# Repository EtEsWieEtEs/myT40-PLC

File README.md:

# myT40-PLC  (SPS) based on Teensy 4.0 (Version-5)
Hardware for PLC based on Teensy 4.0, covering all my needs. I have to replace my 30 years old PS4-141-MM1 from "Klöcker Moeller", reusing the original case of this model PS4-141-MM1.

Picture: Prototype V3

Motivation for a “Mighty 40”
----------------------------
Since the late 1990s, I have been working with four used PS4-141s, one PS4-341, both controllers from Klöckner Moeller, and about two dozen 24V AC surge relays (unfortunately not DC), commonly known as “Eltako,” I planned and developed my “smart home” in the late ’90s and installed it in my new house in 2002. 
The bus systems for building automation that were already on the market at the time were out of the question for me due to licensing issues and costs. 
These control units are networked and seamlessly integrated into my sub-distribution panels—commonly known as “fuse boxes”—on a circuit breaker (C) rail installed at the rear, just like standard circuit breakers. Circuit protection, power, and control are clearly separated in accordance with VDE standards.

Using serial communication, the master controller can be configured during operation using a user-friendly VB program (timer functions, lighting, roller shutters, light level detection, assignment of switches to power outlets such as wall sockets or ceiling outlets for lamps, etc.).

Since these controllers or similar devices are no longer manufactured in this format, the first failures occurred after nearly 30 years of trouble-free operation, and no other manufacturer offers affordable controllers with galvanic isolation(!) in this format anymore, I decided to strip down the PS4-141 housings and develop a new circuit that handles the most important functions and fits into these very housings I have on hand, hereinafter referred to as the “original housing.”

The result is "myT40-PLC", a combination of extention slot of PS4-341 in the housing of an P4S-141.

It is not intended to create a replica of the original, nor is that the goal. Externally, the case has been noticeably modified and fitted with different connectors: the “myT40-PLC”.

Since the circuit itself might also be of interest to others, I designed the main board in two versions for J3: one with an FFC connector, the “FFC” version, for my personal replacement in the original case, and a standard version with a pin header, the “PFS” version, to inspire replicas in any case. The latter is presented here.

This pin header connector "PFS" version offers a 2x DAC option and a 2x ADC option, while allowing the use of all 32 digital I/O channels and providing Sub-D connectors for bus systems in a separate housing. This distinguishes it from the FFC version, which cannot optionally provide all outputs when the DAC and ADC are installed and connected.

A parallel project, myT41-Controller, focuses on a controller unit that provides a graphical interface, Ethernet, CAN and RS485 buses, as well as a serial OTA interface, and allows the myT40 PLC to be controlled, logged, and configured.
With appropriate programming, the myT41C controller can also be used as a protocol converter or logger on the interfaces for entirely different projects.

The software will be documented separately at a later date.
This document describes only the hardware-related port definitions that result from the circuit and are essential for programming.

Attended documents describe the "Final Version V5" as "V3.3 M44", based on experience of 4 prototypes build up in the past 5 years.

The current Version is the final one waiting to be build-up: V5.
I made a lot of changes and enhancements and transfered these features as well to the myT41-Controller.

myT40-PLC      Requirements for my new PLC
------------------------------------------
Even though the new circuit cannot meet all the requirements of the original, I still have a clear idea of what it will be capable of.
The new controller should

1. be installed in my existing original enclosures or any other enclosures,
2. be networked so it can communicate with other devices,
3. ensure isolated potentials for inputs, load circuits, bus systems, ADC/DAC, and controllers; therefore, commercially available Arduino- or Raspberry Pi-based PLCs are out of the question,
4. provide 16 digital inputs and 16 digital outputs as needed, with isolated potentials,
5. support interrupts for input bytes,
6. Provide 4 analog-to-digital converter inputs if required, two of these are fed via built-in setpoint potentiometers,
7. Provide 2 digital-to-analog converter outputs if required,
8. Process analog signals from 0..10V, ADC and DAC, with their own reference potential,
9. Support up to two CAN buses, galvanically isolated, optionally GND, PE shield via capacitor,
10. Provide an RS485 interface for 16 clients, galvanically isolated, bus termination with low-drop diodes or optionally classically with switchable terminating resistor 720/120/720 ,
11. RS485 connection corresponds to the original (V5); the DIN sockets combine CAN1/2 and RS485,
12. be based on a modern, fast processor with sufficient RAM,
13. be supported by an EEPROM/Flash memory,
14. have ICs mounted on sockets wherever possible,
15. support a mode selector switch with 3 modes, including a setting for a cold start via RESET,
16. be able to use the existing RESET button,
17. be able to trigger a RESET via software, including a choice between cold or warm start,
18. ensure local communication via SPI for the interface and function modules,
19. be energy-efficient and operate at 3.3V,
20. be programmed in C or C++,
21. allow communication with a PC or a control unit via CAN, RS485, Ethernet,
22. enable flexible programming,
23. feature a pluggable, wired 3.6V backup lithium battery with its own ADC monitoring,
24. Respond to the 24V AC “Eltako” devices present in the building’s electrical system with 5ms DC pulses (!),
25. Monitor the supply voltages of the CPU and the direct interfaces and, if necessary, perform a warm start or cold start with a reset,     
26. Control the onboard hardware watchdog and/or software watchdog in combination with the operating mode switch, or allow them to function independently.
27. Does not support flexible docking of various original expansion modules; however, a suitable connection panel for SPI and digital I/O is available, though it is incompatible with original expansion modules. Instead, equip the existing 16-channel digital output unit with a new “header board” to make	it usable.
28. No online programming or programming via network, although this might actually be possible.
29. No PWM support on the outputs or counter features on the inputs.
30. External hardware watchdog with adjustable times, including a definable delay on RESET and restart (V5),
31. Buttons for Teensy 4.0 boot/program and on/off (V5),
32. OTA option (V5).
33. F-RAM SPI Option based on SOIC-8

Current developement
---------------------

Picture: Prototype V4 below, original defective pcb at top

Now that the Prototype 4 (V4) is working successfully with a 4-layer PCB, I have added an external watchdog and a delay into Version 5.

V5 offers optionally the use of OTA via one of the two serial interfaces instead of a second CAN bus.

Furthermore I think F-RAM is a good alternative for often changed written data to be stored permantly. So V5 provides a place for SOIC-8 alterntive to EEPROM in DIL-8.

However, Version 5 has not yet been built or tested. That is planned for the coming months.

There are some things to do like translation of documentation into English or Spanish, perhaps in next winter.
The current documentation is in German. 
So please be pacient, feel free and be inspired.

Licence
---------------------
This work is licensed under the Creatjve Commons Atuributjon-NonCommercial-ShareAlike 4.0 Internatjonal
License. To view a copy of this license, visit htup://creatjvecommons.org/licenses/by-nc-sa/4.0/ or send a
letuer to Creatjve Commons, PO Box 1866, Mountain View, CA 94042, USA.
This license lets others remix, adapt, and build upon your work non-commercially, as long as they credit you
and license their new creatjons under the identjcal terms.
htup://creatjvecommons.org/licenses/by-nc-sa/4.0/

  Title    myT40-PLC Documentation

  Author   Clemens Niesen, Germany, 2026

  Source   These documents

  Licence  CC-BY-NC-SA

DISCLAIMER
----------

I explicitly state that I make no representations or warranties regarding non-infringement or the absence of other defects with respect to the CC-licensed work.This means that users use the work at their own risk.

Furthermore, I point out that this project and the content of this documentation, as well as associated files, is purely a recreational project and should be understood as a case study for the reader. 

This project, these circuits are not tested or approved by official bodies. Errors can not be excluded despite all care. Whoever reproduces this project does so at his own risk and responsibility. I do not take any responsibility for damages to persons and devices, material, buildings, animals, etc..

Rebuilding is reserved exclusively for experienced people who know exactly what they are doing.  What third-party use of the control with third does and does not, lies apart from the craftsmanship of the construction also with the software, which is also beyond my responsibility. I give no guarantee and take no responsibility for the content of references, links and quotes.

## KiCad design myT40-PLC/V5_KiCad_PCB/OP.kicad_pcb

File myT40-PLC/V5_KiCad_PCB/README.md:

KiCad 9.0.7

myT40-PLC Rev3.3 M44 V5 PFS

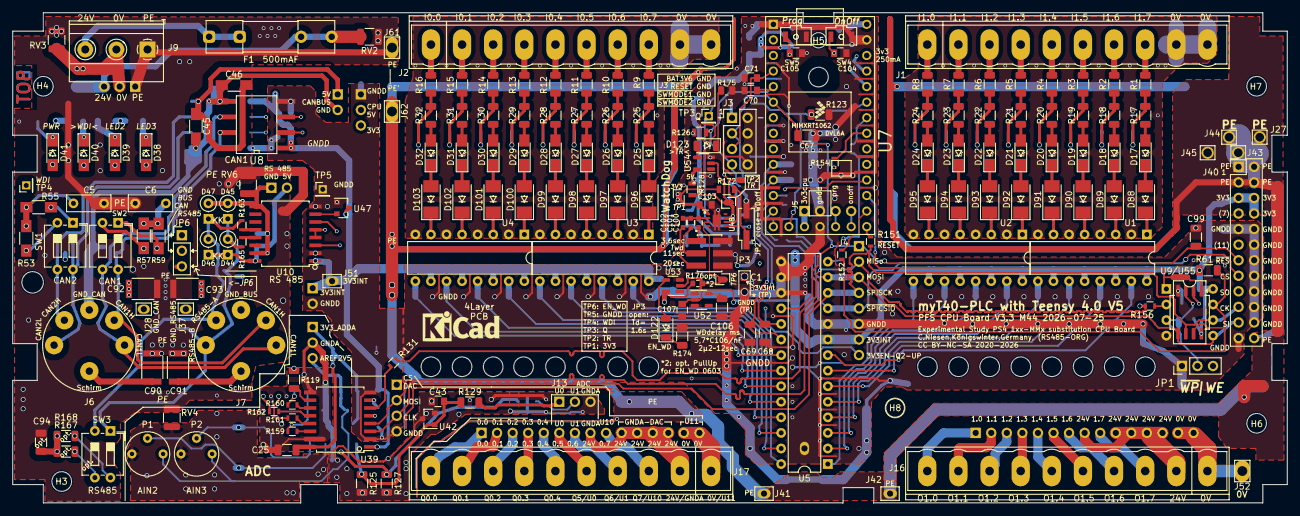
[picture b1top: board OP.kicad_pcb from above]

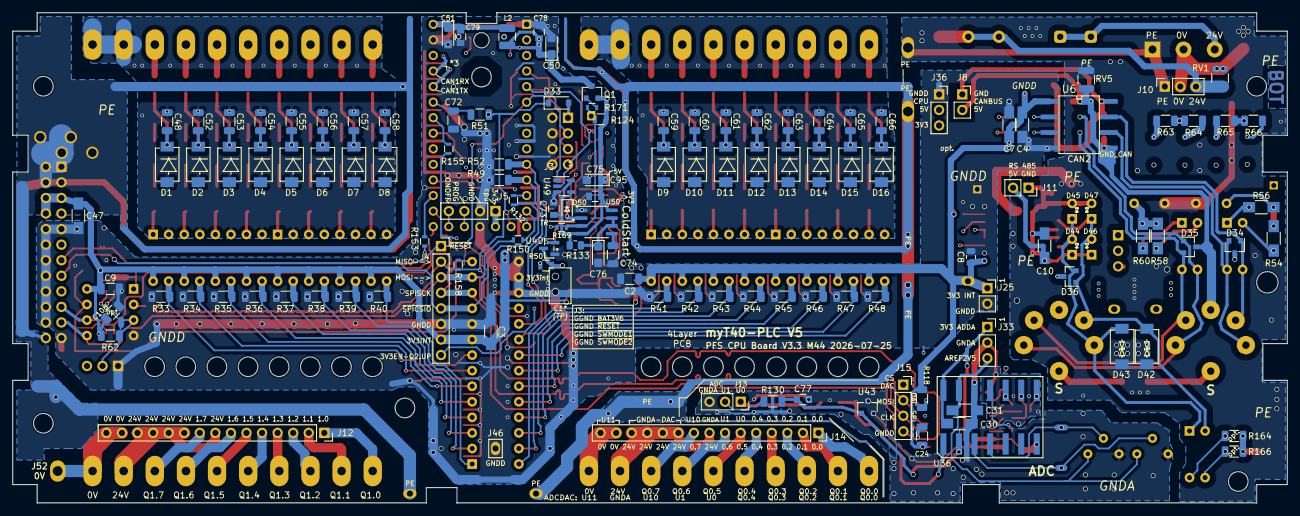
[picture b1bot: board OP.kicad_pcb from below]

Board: 4 copper layers, 208.0 x 80.0 mm, 341 parts (127 on the bottom side), 234 nets.

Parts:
A2: KiCad-Symbol; KiCad-Logo_5mm_SilkScreen
C1: Siehe Text; CP_EIA-3216-18_Kemet-A
C2, C9, C24, C25, C48, C52, C53, C54, C55, C56, C57, C58, C59, C60, C61, C62, C63, C64, C65, C66, C67, C68, C69, C72, C99, C108: 100n; C_1206_3216Metric
C3, C4, C7, C10, C30, C31, C47: 100n; C_1206_HandSoldering
C5, C6: 4n7; C_Rect_L7.0mm_W2.5mm_P5.00mm
C8: 100n; C_0805_2012Metric
C43, C77: 100p; C_0805
C45, C46: 100n 100V; C_1206_HandSoldering
C50, C51: 4µ7 16V; CP_EIA-3216-18_Kemet-A
C70, C71, C73, C75, C103, C104, C105, C107: 100n; C_0805
C74: 10n; C_1206_3216Metric
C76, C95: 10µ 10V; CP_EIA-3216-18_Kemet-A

Work task: A word-for-word copy of the lines above from the one with "The bus systems" through the one with "These control units", inclusive, is the only output wanted.

Exercise solution:
The bus systems for building automation that were already on the market at the time were out of the question for me due to licensing issues and costs. 
These control units are networked and seamlessly integrated into my sub-distribution panels—commonly known as “fuse boxes”—on a circuit breaker (C) rail installed at the rear, just like standard circuit breakers. Circuit protection, power, and control are clearly separated in accordance with VDE standards.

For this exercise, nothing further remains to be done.